The M.2 NVMe media for both OS and data (only the u-boot loader will be in SPI Flash) is not only much faster than SD cards and most eMMCs, but will also be more reliable.  It makes a huge difference to the usability of the entire system.

For low-bandwidth stuff, one can do with much cheaper SBCs like NanoPi R2S Plus.  You'll want to limit the number of SBC types/Variants you need to support in the wild, but testing various SBCs to see how they fit your needs is A Good Idea.

At the USB-Serial interface point, you can use TI ISO6742/ISO7742 (RX,TX,RTS,CTS) or ISO6721/ISO7721 (RX,TX only) digital isolators for both isolation and voltage level translation to 1.8V/2.25-5.5V logic levels.  Downstream does need to supply a few milliAmps at its preferred I/O voltage level, and you'll want to add 100nF/0.1µF X7R/C0G/NP0 supply bypass capacitors on both side supplies, but that's it.  I've had excellent success with these.  As in, they've saved me from my own blunders time and time again.  I also suspect, but cannot confirm, that I have had better success with these in various projects because they also stop ground-related noise spikes/glitches/whatchamacallits, so even the data transfers tend to have less parity errors at higher baud rates.

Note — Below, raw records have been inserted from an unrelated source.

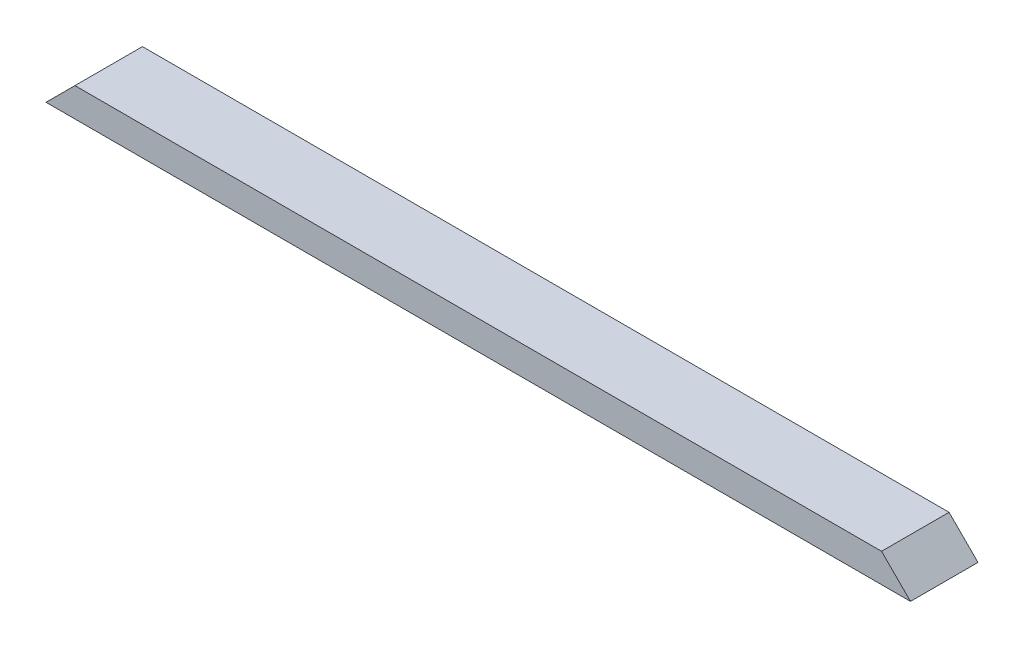
ISO-10303-21;
HEADER;
FILE_DESCRIPTION(('STEP AP214'),'2;1');
FILE_NAME('part.step','',(''),(''),'','','');
FILE_SCHEMA(('AUTOMOTIVE_DESIGN { 1 0 10303 214 1 1 1 1 }'));
ENDSEC;
DATA;
#1=APPLICATION_CONTEXT('core data for automotive mechanical design processes');
#2=APPLICATION_PROTOCOL_DEFINITION('international standard','automotive_design',2000,#1);
#3=PRODUCT_CONTEXT('',#1,'mechanical');
#4=PRODUCT('Part','Part','',(#3));
#5=PRODUCT_RELATED_PRODUCT_CATEGORY('part','',(#4));
#6=PRODUCT_DEFINITION_FORMATION('','',#4);
#7=PRODUCT_DEFINITION_CONTEXT('part definition',#1,'design');
#8=PRODUCT_DEFINITION('design','',#6,#7);
#9=PRODUCT_DEFINITION_SHAPE('','',#8);
#10=(LENGTH_UNIT() NAMED_UNIT(*) SI_UNIT(.MILLI.,.METRE.));
#11=(NAMED_UNIT(*) PLANE_ANGLE_UNIT() SI_UNIT($,.RADIAN.));
#12=(NAMED_UNIT(*) SI_UNIT($,.STERADIAN.) SOLID_ANGLE_UNIT());
#13=UNCERTAINTY_MEASURE_WITH_UNIT(LENGTH_MEASURE(1.E-05),#10,'distance_accuracy_value','');
#14=(GEOMETRIC_REPRESENTATION_CONTEXT(3) GLOBAL_UNCERTAINTY_ASSIGNED_CONTEXT((#13)) GLOBAL_UNIT_ASSIGNED_CONTEXT((#10,
#11,#12)) REPRESENTATION_CONTEXT('',''));
#15=CARTESIAN_POINT('',(0.,0.,0.));
#16=DIRECTION('',(0.,0.,1.));
#17=DIRECTION('',(1.,0.,0.));
#18=AXIS2_PLACEMENT_3D('',#15,#16,#17);
#19=CARTESIAN_POINT('',(0.,38.1,0.));
#20=DIRECTION('',(0.,0.,-1.));
#21=DIRECTION('',(-1.,0.,0.));
#22=AXIS2_PLACEMENT_3D('',#19,#20,#21);
#23=PLANE('',#22);
#24=DIRECTION('',(1.,0.,0.));
#25=VECTOR('',#24,1.);
#26=CARTESIAN_POINT('',(0.,38.1,0.));
#27=LINE('',#26,#25);
#28=CARTESIAN_POINT('',(38.1,38.1,0.));
#29=VERTEX_POINT('',#28);
#30=CARTESIAN_POINT('',(1100.1375,38.1,0.));
#31=VERTEX_POINT('',#30);
#32=EDGE_CURVE('E47',#29,#31,#27,.T.);
#33=ORIENTED_EDGE('',*,*,#32,.F.);
#34=DIRECTION('',(0.707106781186547,0.707106781186547,0.));
#35=VECTOR('',#34,1.);
#36=CARTESIAN_POINT('',(0.,0.,0.));
#37=LINE('',#36,#35);
#38=CARTESIAN_POINT('',(0.,0.,0.));
#39=VERTEX_POINT('',#38);
#40=EDGE_CURVE('E82',#39,#29,#37,.T.);
#41=ORIENTED_EDGE('',*,*,#40,.F.);
#42=DIRECTION('',(1.,0.,0.));
#43=VECTOR('',#42,1.);
#44=CARTESIAN_POINT('',(0.,0.,0.));
#45=LINE('',#44,#43);
#46=CARTESIAN_POINT('',(1138.2375,0.,0.));
#47=VERTEX_POINT('',#46);
#48=EDGE_CURVE('E87',#39,#47,#45,.T.);
#49=ORIENTED_EDGE('',*,*,#48,.T.);
#50=DIRECTION('',(0.707106781186548,-0.707106781186547,0.));
#51=VECTOR('',#50,1.);
#52=CARTESIAN_POINT('',(1100.1375,38.1,0.));
#53=LINE('',#52,#51);
#54=EDGE_CURVE('E63',#31,#47,#53,.T.);
#55=ORIENTED_EDGE('',*,*,#54,.F.);
#56=EDGE_LOOP('',(#33,#41,#49,#55));
#57=FACE_BOUND('',#56,.T.);
#58=ADVANCED_FACE('F39',(#57),#23,.F.);
#59=CARTESIAN_POINT('',(0.,38.1,-88.9));
#60=DIRECTION('',(0.,0.,1.));
#61=DIRECTION('',(1.,0.,0.));
#62=AXIS2_PLACEMENT_3D('',#59,#60,#61);
#63=PLANE('',#62);
#64=DIRECTION('',(-1.,0.,0.));
#65=VECTOR('',#64,1.);
#66=CARTESIAN_POINT('',(0.,0.,-88.9));
#67=LINE('',#66,#65);
#68=CARTESIAN_POINT('',(1138.2375,0.,-88.9));
#69=VERTEX_POINT('',#68);
#70=CARTESIAN_POINT('',(0.,0.,-88.9));
#71=VERTEX_POINT('',#70);
#72=EDGE_CURVE('E42',#69,#71,#67,.T.);
#73=ORIENTED_EDGE('',*,*,#72,.T.);
#74=DIRECTION('',(0.707106781186547,0.707106781186547,0.));
#75=VECTOR('',#74,1.);
#76=CARTESIAN_POINT('',(0.,0.,-88.9));
#77=LINE('',#76,#75);
#78=CARTESIAN_POINT('',(38.1,38.1,-88.9));
#79=VERTEX_POINT('',#78);
#80=EDGE_CURVE('E55',#71,#79,#77,.T.);
#81=ORIENTED_EDGE('',*,*,#80,.T.);
#82=DIRECTION('',(-1.,0.,0.));
#83=VECTOR('',#82,1.);
#84=CARTESIAN_POINT('',(0.,38.1,-88.9));
#85=LINE('',#84,#83);
#86=CARTESIAN_POINT('',(1100.1375,38.1,-88.9));
#87=VERTEX_POINT('',#86);
#88=EDGE_CURVE('E11',#87,#79,#85,.T.);
#89=ORIENTED_EDGE('',*,*,#88,.F.);
#90=DIRECTION('',(0.707106781186548,-0.707106781186547,0.));
#91=VECTOR('',#90,1.);
#92=CARTESIAN_POINT('',(1100.1375,38.1,-88.9));
#93=LINE('',#92,#91);
#94=EDGE_CURVE('E100',#87,#69,#93,.T.);
#95=ORIENTED_EDGE('',*,*,#94,.T.);
#96=EDGE_LOOP('',(#73,#81,#89,#95));
#97=FACE_BOUND('',#96,.T.);
#98=ADVANCED_FACE('F109',(#97),#63,.F.);
#99=CARTESIAN_POINT('',(0.,38.1,0.));
#100=DIRECTION('',(0.,-1.,0.));
#101=DIRECTION('',(0.,0.,-1.));
#102=AXIS2_PLACEMENT_3D('',#99,#100,#101);
#103=PLANE('',#102);
#104=ORIENTED_EDGE('',*,*,#88,.T.);
#105=DIRECTION('',(0.,0.,1.));
#106=VECTOR('',#105,1.);
#107=CARTESIAN_POINT('',(38.1,38.1,-88.9));
#108=LINE('',#107,#106);
#109=EDGE_CURVE('E88',#79,#29,#108,.T.);
#110=ORIENTED_EDGE('',*,*,#109,.T.);
#111=ORIENTED_EDGE('',*,*,#32,.T.);
#112=DIRECTION('',(0.,0.,1.));
#113=VECTOR('',#112,1.);
#114=CARTESIAN_POINT('',(1100.1375,38.1,-88.9));
#115=LINE('',#114,#113);
#116=EDGE_CURVE('E103',#87,#31,#115,.T.);
#117=ORIENTED_EDGE('',*,*,#116,.F.);
#118=EDGE_LOOP('',(#104,#110,#111,#117));
#119=FACE_BOUND('',#118,.T.);
#120=ADVANCED_FACE('F112',(#119),#103,.F.);
#121=CARTESIAN_POINT('',(0.,0.,0.));
#122=DIRECTION('',(0.,-1.,0.));
#123=DIRECTION('',(0.,0.,-1.));
#124=AXIS2_PLACEMENT_3D('',#121,#122,#123);
#125=PLANE('',#124);
#126=DIRECTION('',(0.,0.,1.));
#127=VECTOR('',#126,1.);
#128=CARTESIAN_POINT('',(0.,0.,0.));
#129=LINE('',#128,#127);
#130=EDGE_CURVE('E79',#71,#39,#129,.T.);
#131=ORIENTED_EDGE('',*,*,#130,.F.);
#132=ORIENTED_EDGE('',*,*,#72,.F.);
#133=DIRECTION('',(0.,0.,-1.));
#134=VECTOR('',#133,1.);
#135=CARTESIAN_POINT('',(1138.2375,0.,0.));
#136=LINE('',#135,#134);
#137=EDGE_CURVE('E96',#47,#69,#136,.T.);
#138=ORIENTED_EDGE('',*,*,#137,.F.);
#139=ORIENTED_EDGE('',*,*,#48,.F.);
#140=EDGE_LOOP('',(#131,#132,#138,#139));
#141=FACE_BOUND('',#140,.T.);
#142=ADVANCED_FACE('F95',(#141),#125,.T.);
#143=CARTESIAN_POINT('',(1100.1375,38.1,-88.9));
#144=DIRECTION('',(-0.707106781186547,-0.707106781186548,0.));
#145=DIRECTION('',(0.707106781186548,-0.707106781186547,0.));
#146=AXIS2_PLACEMENT_3D('',#143,#144,#145);
#147=PLANE('',#146);
#148=ORIENTED_EDGE('',*,*,#54,.T.);
#149=ORIENTED_EDGE('',*,*,#137,.T.);
#150=ORIENTED_EDGE('',*,*,#94,.F.);
#151=ORIENTED_EDGE('',*,*,#116,.T.);
#152=EDGE_LOOP('',(#148,#149,#150,#151));
#153=FACE_BOUND('',#152,.T.);
#154=ADVANCED_FACE('F113',(#153),#147,.F.);
#155=CARTESIAN_POINT('',(0.,0.,-88.9));
#156=DIRECTION('',(0.707106781186547,-0.707106781186547,0.));
#157=DIRECTION('',(0.707106781186548,0.707106781186548,0.));
#158=AXIS2_PLACEMENT_3D('',#155,#156,#157);
#159=PLANE('',#158);
#160=ORIENTED_EDGE('',*,*,#40,.T.);
#161=ORIENTED_EDGE('',*,*,#109,.F.);
#162=ORIENTED_EDGE('',*,*,#80,.F.);
#163=ORIENTED_EDGE('',*,*,#130,.T.);
#164=EDGE_LOOP('',(#160,#161,#162,#163));
#165=FACE_BOUND('',#164,.T.);
#166=ADVANCED_FACE('F81',(#165),#159,.F.);
#167=CLOSED_SHELL('',(#58,#98,#120,#142,#154,#166));
#168=MANIFOLD_SOLID_BREP('B2',#167);
#169=ADVANCED_BREP_SHAPE_REPRESENTATION('',(#18,#168),#14);
#170=SHAPE_DEFINITION_REPRESENTATION(#9,#169);
ENDSEC;
END-ISO-10303-21;

If you use the more powerful Linux SBCs for both data collection and display (aforementioned support high-resolution HDMI displays with accelerated OpenGL ES graphics in Linux), I can warmly recommend using Python 3 + Qt 5 (easily with unified runtime support for both PySide2 and PyQt5, similar to QtPy), with the USB Serial termios stuff running in a separate thread, and using a Queue to transfer data.  If you need to preprocess the data, then I suggest writing a C termios preprocessor module as a dynamic library, loaded to the Python process; it can use pthreads for parallelization.

If you have people who can do systems programming in Linux, you can even split the UI and the data acquisition into separate processes, so that you can use the same acquisition/low-level C code on both headless appliances and interactive workstations, and just plonk the Python UI on top.

For headless appliance type –– local GbE Ethernet accessible data collection and control via public key-based SSH connections ––, I recommend starting by spending a couple of weeks to get familiar with LinuxFromScratch, then build your own appliance distro based on minimized Debian (ARM port) or Devuan.  Looking at LFS helps you understand the tiny but important details on how operating systems based on the Linux kernel actually work –– i.e., how to do systems integration right –– but starting from Debian/Devuan means you don't have to do everything alone, and can instead leverage the work done by the rest of the community.  Of course, I would warmly recommend that if you decide to go this way, you make your efforts public, to further share the workload; but, it is not a requirement: any organization can freely create their own variants without distributing them outside the organization, as distribution within ones own organization is not considered distribution or copying in the copyright law sense, the organization is the actual "end user".

If you go with RPi stuff, good luck.  Quite a lot of upstream developers have been burned by the RPi Foundation and RPi users – basically they're black holes that take everything but almost never contribute anything useful; and usually rename/repackage the projects so that the dependence of well-known FOSS projects is at least hidden if not obfuscated – and many will not engage with such any longer.  Myself somewhat included, although I make exceptions for people I like.